Quando si parla di narcisismo ci si deve confrontare con una grande assenza: quella di un’identità unitaria che il narcisista compensa con un’immagine atta a colmare un vuoto e a rispondere ad un’insicurezza, un’insicurezza che egli non ammetterà mai, a meno che non faccia un lungo e travagliato lavoro sulla consapevolezza di sé. È proprio il sé che il narcisista deve andare a riscoprire.

Alexander Lowen sostiene che “il neonato nasce con un sé che è un fenomeno biologico  e non psicologico”. Il sé, dunque, è l’essenzadella persona, il nucleo di un individuo. È quello che realmente egli è in potenza, la dimora delle emozioni e dei sentimenti.

Da bambini, man mano che si cresce, ci si autorappresenta: ci creiamo un’immagine di ciò che siamo, l’immagine della nostra identità. In altri termini ci creiamo un’immagine di noi stessi. Quanto più l’immagine che ci creiamo si distanzia dal sé reale, tanto più si crea un’incongruenza.

Il bambino, futuro narcisista, si allontana dal nucleo per difesa, va a creare un’immagine che viene riconosciuta e accettata dal suo ambiente, rinnegando il suo nucleo. Egli crea un divario tra ciò che è e come si rappresenta, smarrendo il contatto con la sua parte più essenziale, quindi con le sue emozioni, sensazioni e sentimenti.

Al posto del suo nucleo, del suo vero sé, il bambino si crea uno stato di difesa che nega la percezione autentica di sé, nega tutti gli stati di dipendenza, di vulnerabilità e di bisogno.
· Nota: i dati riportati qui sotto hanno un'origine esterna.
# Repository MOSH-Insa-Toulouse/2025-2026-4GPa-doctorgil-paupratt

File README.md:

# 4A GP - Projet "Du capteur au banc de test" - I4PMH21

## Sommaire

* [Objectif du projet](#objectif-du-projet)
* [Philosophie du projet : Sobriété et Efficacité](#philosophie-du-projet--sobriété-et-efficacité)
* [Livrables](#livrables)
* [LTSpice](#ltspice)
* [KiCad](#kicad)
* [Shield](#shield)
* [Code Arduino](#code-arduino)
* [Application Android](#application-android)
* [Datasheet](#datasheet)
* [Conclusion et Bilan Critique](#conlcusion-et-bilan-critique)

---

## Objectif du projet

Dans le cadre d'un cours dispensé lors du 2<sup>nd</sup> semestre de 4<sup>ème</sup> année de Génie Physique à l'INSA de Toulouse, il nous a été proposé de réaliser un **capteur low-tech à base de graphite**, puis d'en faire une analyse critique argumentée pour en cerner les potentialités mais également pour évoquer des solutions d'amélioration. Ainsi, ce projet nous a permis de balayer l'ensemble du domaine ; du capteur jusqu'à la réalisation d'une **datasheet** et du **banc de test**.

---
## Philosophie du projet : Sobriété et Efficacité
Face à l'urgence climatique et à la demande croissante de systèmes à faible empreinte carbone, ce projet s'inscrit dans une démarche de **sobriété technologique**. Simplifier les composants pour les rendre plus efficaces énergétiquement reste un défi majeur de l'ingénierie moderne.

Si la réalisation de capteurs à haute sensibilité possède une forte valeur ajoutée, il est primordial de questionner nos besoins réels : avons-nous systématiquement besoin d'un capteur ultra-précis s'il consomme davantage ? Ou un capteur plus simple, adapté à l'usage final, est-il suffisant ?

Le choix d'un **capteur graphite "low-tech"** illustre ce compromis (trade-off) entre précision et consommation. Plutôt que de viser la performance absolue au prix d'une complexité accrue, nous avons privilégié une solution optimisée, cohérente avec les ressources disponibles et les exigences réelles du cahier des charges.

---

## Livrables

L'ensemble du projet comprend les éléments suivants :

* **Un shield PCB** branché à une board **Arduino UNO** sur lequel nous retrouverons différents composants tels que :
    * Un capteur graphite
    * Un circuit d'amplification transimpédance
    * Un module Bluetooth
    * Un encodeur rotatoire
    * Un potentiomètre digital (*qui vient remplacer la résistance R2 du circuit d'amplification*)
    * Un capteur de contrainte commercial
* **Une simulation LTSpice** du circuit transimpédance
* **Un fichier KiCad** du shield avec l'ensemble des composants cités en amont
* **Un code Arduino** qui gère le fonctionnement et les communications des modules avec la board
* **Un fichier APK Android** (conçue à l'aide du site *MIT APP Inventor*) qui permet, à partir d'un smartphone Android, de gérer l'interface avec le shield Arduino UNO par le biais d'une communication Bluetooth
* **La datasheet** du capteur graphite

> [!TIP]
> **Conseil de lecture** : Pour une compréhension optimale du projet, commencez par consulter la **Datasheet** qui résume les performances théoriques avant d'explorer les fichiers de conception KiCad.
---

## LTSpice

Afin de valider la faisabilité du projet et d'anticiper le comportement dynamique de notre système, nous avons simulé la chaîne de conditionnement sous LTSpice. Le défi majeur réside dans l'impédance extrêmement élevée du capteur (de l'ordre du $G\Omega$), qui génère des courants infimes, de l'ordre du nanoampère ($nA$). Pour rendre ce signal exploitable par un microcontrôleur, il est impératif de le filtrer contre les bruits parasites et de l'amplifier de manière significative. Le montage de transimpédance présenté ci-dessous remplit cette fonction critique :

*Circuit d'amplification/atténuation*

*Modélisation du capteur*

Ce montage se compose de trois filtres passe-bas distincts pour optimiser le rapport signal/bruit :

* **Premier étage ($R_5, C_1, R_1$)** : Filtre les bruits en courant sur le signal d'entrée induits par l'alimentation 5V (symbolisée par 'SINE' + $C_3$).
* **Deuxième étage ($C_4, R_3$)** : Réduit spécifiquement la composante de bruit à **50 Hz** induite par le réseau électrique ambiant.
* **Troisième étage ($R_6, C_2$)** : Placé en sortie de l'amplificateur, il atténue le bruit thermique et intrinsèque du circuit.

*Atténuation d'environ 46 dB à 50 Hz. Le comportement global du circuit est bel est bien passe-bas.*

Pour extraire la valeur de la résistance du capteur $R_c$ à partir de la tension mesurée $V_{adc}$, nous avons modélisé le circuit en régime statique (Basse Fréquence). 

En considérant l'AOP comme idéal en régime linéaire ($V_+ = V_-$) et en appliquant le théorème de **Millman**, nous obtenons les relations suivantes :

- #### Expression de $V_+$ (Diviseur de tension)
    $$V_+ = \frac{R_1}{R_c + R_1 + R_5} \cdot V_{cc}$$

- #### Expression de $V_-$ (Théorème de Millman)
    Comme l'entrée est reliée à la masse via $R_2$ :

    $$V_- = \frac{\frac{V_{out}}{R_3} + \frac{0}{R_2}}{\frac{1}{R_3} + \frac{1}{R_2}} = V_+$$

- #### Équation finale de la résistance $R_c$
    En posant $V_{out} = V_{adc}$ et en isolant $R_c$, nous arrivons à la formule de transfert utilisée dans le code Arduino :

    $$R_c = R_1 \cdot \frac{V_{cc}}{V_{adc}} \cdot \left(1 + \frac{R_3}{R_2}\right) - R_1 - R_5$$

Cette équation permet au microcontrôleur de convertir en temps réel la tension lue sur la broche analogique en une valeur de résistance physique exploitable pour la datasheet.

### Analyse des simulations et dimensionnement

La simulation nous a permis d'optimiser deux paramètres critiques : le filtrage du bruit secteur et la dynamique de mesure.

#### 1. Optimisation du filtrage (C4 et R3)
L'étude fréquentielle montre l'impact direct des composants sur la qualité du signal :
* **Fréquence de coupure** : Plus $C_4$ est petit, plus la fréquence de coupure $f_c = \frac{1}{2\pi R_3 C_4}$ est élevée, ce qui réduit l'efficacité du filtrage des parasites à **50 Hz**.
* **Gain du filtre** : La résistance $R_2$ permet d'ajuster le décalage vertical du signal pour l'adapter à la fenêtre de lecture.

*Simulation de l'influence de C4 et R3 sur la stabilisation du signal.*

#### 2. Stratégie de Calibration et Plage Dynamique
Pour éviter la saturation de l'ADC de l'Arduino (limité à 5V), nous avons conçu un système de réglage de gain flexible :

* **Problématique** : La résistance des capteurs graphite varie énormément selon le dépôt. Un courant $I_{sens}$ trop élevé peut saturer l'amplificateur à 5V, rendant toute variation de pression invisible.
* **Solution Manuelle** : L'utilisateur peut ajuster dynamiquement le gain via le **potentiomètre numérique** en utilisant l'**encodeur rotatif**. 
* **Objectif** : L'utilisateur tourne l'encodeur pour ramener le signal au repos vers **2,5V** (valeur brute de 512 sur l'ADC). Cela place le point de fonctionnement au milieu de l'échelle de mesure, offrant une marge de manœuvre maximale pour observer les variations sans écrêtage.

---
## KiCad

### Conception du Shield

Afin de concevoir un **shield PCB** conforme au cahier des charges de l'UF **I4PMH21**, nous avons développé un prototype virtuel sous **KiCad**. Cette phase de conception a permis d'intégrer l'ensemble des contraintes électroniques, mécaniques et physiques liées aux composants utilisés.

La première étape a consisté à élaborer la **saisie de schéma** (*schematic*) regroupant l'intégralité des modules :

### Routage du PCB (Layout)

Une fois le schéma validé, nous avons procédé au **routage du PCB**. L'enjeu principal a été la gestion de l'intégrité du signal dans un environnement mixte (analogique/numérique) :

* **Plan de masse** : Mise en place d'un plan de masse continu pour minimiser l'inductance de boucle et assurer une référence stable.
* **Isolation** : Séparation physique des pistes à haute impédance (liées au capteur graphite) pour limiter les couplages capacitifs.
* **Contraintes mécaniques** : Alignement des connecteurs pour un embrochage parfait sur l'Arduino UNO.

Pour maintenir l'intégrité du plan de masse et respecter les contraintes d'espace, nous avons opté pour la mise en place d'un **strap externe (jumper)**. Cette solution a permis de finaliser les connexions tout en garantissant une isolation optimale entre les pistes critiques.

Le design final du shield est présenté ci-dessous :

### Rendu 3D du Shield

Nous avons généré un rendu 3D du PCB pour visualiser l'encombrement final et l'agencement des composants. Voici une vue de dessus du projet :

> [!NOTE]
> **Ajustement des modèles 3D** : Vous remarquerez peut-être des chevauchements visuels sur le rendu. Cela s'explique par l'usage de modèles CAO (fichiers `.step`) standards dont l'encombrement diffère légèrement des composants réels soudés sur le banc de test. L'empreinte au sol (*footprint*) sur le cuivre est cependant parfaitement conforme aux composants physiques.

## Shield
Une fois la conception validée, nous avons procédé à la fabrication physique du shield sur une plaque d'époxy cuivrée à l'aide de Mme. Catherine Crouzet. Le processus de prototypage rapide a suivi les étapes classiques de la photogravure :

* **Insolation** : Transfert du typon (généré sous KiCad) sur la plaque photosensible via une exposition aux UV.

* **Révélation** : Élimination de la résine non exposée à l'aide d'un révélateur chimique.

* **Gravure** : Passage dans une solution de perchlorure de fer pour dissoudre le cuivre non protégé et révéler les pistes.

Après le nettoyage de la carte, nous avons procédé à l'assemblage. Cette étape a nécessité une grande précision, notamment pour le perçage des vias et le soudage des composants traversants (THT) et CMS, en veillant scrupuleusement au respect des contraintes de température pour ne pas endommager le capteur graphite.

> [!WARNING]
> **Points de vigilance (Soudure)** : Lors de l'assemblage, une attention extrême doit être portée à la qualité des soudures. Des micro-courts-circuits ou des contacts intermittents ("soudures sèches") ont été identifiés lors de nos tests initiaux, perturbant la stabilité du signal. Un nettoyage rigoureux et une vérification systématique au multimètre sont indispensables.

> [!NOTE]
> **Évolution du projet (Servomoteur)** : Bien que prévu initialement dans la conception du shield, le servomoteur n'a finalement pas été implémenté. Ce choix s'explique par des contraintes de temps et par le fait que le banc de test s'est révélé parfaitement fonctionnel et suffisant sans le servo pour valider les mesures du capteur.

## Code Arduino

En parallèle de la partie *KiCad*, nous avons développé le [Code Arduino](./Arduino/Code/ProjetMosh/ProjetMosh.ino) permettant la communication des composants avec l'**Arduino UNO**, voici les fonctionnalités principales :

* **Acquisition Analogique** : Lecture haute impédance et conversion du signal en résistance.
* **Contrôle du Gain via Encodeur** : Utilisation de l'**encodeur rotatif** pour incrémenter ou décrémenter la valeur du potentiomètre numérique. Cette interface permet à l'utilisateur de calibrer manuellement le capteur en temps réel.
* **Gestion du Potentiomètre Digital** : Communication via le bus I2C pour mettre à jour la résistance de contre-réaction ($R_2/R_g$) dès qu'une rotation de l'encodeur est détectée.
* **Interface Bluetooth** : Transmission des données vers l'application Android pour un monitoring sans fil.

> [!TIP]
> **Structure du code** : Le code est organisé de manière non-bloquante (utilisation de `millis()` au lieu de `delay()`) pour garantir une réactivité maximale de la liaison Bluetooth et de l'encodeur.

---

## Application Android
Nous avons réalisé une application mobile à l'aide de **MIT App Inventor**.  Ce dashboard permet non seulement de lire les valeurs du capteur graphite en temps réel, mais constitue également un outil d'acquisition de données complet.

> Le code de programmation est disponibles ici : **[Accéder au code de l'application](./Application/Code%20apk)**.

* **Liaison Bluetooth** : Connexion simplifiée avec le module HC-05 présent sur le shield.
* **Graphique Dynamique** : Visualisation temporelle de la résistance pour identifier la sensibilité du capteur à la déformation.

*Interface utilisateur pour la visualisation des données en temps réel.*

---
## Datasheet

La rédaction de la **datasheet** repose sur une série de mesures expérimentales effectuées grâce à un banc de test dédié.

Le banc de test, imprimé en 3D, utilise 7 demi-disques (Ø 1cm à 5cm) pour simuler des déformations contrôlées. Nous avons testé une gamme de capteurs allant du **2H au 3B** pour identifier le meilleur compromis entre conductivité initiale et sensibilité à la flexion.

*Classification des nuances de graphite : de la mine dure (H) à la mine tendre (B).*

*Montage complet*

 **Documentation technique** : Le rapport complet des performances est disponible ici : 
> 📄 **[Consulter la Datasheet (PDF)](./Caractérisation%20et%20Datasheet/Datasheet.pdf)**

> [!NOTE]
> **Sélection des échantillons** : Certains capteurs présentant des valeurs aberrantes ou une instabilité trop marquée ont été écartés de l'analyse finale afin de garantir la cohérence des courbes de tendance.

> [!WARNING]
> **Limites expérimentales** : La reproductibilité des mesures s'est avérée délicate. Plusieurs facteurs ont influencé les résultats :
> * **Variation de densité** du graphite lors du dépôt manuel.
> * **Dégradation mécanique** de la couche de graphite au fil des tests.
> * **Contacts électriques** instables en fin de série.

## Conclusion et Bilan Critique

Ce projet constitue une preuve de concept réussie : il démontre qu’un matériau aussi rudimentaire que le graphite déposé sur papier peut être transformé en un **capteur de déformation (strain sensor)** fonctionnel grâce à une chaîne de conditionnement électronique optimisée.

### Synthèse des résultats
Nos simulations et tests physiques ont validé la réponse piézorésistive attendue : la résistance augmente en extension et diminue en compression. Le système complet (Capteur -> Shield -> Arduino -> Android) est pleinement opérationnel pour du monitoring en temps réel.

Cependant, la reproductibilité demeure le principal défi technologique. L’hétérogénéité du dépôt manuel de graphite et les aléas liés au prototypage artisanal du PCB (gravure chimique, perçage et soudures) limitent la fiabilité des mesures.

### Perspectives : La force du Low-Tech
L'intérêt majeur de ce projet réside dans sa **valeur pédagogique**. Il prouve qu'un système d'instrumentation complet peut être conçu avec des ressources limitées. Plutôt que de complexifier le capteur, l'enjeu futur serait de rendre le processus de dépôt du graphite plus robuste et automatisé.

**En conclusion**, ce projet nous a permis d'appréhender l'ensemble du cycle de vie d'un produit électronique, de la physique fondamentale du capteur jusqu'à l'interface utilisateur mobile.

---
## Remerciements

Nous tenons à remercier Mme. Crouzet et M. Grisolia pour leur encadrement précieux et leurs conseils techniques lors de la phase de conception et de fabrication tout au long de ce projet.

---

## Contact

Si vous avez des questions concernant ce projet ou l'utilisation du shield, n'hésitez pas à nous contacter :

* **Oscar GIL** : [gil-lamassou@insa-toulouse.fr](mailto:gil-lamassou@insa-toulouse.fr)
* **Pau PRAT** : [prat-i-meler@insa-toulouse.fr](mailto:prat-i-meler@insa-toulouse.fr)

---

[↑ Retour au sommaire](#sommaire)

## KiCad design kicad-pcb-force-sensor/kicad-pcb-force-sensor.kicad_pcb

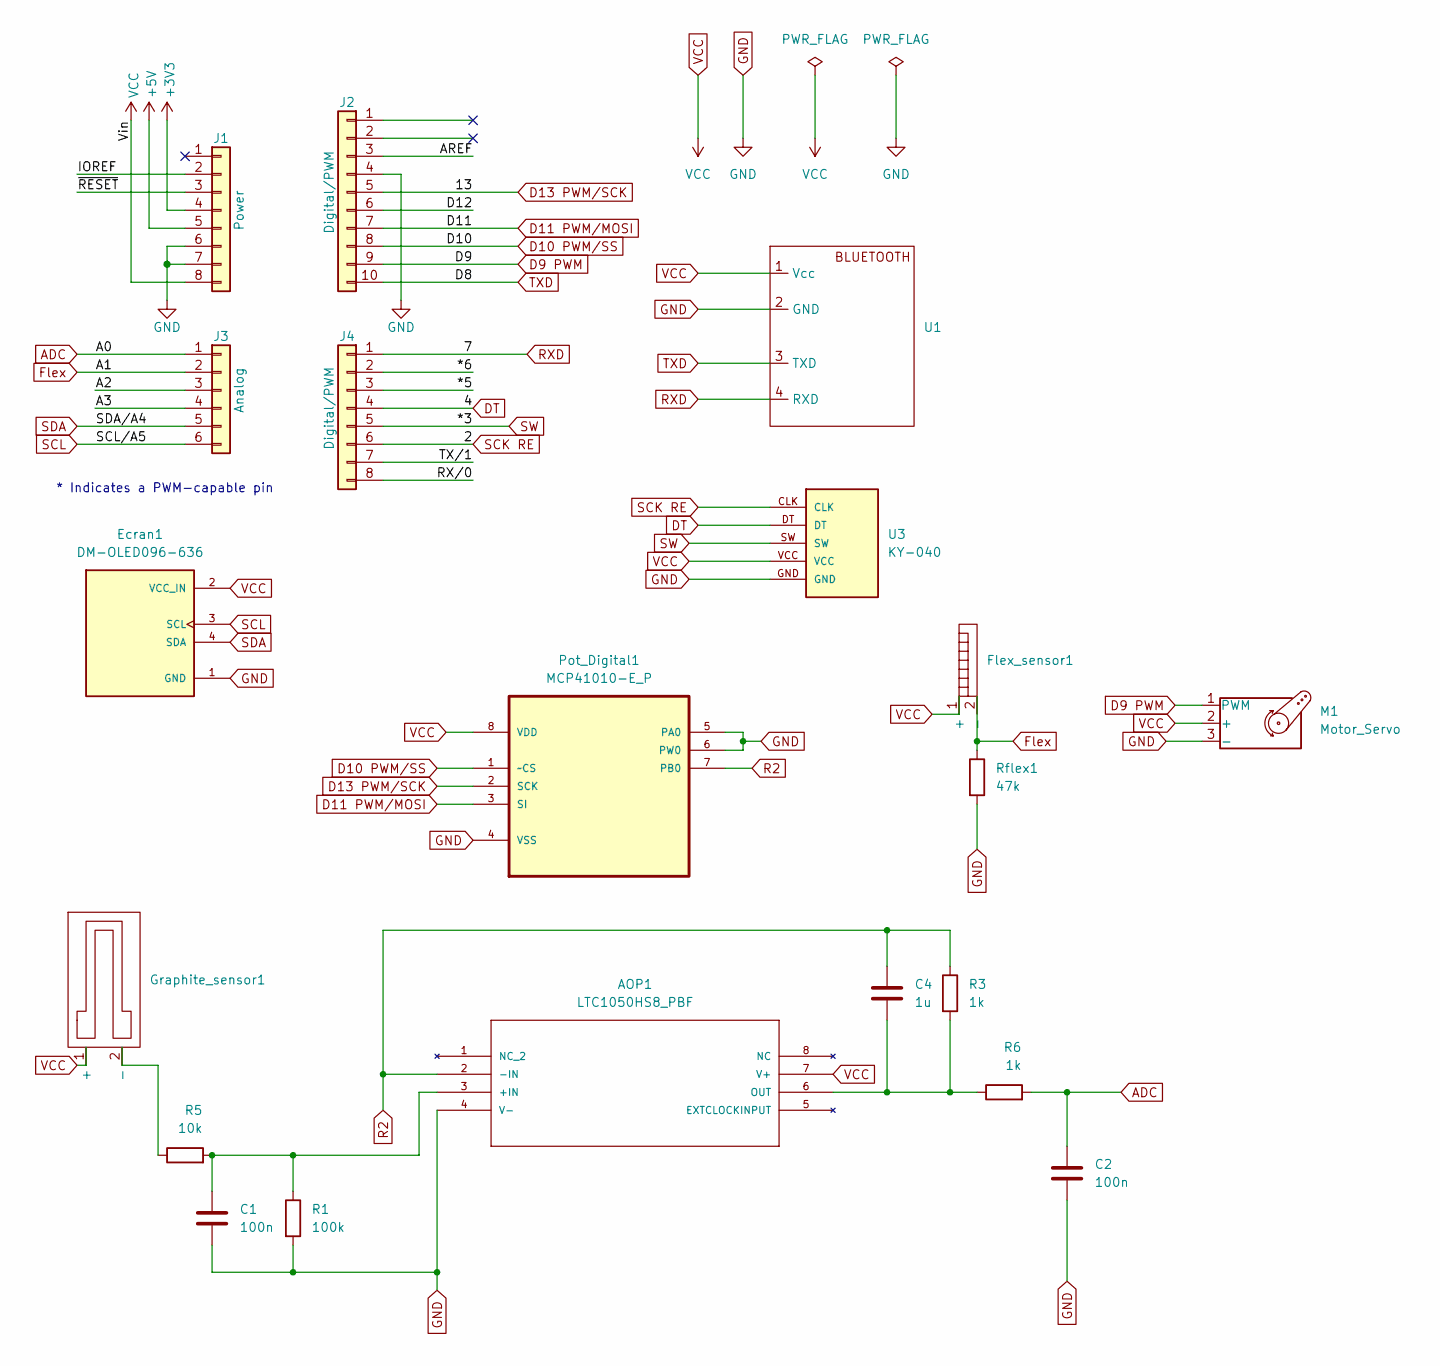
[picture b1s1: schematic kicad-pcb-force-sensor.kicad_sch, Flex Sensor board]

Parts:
AOP1: LTC1050HS8_PBF
C1, C2: 100n; C_Disc_D3.8mm_W2.6mm_P2.50mm
C4: 1u; C_Rect_L9.0mm_W2.5mm_P7.50mm_MKT
Ecran1: DM-OLED096-636; MODULE_DM-OLED096-636
Flex_sensor1: Flex
Graphite_sensor1: Graphite_sensor_emprunt
J1: Power; PinSocket_1x08_P2.54mm_Vertical
J2: Digital/PWM; PinSocket_1x10_P2.54mm_Vertical
J3: Analog; PinSocket_1x06_P2.54mm_Vertical
J4: Digital/PWM; PinSocket_1x08_P2.54mm_Vertical
M1: Motor_Servo; Servo
Pot_Digital1: MCP41010-E_P; MCP41010
R1: 100k; R_Axial_DIN0207_L6.3mm_D2.5mm_P15.24mm_Horizontal
R3, R6: 1k; R_Axial_DIN0204_L3.6mm_D1.6mm_P7.62mm_Horizontal
R5: 10k; R_Axial_DIN0207_L6.3mm_D2.5mm_P10.16mm_Horizontal
Rflex1: 47k; R_Axial_DIN0207_L6.3mm_D2.5mm_P10.16mm_Horizontal
U1: BT_HC05
U3: KY-040; KY-040-PORT

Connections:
+3V3: J1.4
+5V: J1.5
/*5: J4.3
/*6: J4.2
/A2: J3.3
/A3: J3.4
/AREF: J2.3
/D12: J2.6
/IOREF: J1.2
/RX/0: J4.8
/TX/1: J4.7
/~RESET: J1.3
ADC: C2.2, J3.1, R6.2
D9 PWM: J2.9, M1.1 (PWM)
D10 PWM/SS: J2.8, Pot_Digital1.1 (~CS)
D11 PWM/MOSI: J2.7, Pot_Digital1.3 (SI)
D13 PWM/SCK: J2.5, Pot_Digital1.2 (SCK)
DT: J4.4, U3.DT
Flex: Flex_sensor1.2 (-), J3.2, Rflex1.1
GND: AOP1.4 (V-), C1.1, C2.1, Ecran1.1 (GND), J1.6, J1.7, J2.4, M1.3 (-), Pot_Digital1.4 (VSS), Pot_Digital1.5 (PA0), Pot_Digital1.6 (PW0), R1.2, Rflex1.2, U1.2 (GND), U3.GND
unnamed: AOP1.3 (+IN), C1.2, R1.1, R5.2
unnamed: AOP1.6 (OUT), C4.1, R3.2, R6.1
unnamed: Graphite_sensor1.2 (-), R5.1
R2: AOP1.2 (-IN), C4.2, Pot_Digital1.7 (PB0), R3.1
RXD: J4.1, U1.4 (RXD)
SCK RE: J4.6, U3.CLK
SCL: Ecran1.3 (SCL), J3.6
SDA: Ecran1.4 (SDA), J3.5
SW: J4.5, U3.SW
TXD: J2.10, U1.3 (TXD)
VCC: AOP1.7 (V+), Ecran1.2 (VCC_IN), Flex_sensor1.1 (+), Graphite_sensor1.1 (+), J1.8, M1.2 (+), Pot_Digital1.8 (VDD), U1.1 (Vcc), U3.VCC

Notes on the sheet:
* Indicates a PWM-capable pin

Il narcisista si identifica con la sua immagine e perde il contatto con la dimensione del sé reale. La sua immagine è fortemente autoreferenziale, di grandiosità, è ipertrofica; egli prende le distanze da ogni percezione di limite e di vulnerabilità, si nega di aver bisogno dell’altro, si nega il bisogno del calore e dell’affetto dell’altro, nega la necessità di vivere in una dimensione relazionale.

Il narcisista, quindi, attua un taglio sia con la percezione del suo mondo interiore che con il mondo esterno, ovvero crea una dissociazione con il dentro e con il fuori, vivendo spesso all’interno di una bolla fatta solo della sua immagine e delle sue convinzioni, che lo fanno sentire al sicuro.

Affettivamente si dimostra distaccato, indifferente e irraggiungibile, confermando a se stesso di non aver bisogno di nessuno.

Nel lavoro, il narcisista ha ottime capacità organizzative e un buon livello di problem solving; di solito è un leader. Vive il lavoro come un’importante affermazione di sé e della sua grandiosità, del suo potere e della sua superiorità.

Quali sono le origini del suo modo di essere?

Il narcisista è stato un bambino che ha avuto un tipo di attaccamento insicuro evitante; è stato John Bowlby, psicologo e psicoanalista britannico, ad elaborare la teoria dell’attaccamento, interessandosi in particolare agli aspetti che caratterizzano il legame tra la madre e il bambino e a quelli legati alla realizzazione dei legami affettivi all’interno della famiglia.

L’attaccamento insicuro evitante è caratterizzato dal fatto che il bambino focalizza la sua attenzione sul gioco e sull’ambiente, soprattutto su cose inanimate; egli investe le sue energie fuori dalla relazione con i genitori e, in alcuni casi, in particolare con la madre.

Il bambino non cerca la madre, non mostra il desiderio di una vicinanza con lei, non piange, né reclama la sua presenza, piuttosto evita il contatto con la madre, per tenere sotto controllo il suo bisogno di accudimento, che secondo le sue aspettative non potrà essere soddisfatto adeguatamente.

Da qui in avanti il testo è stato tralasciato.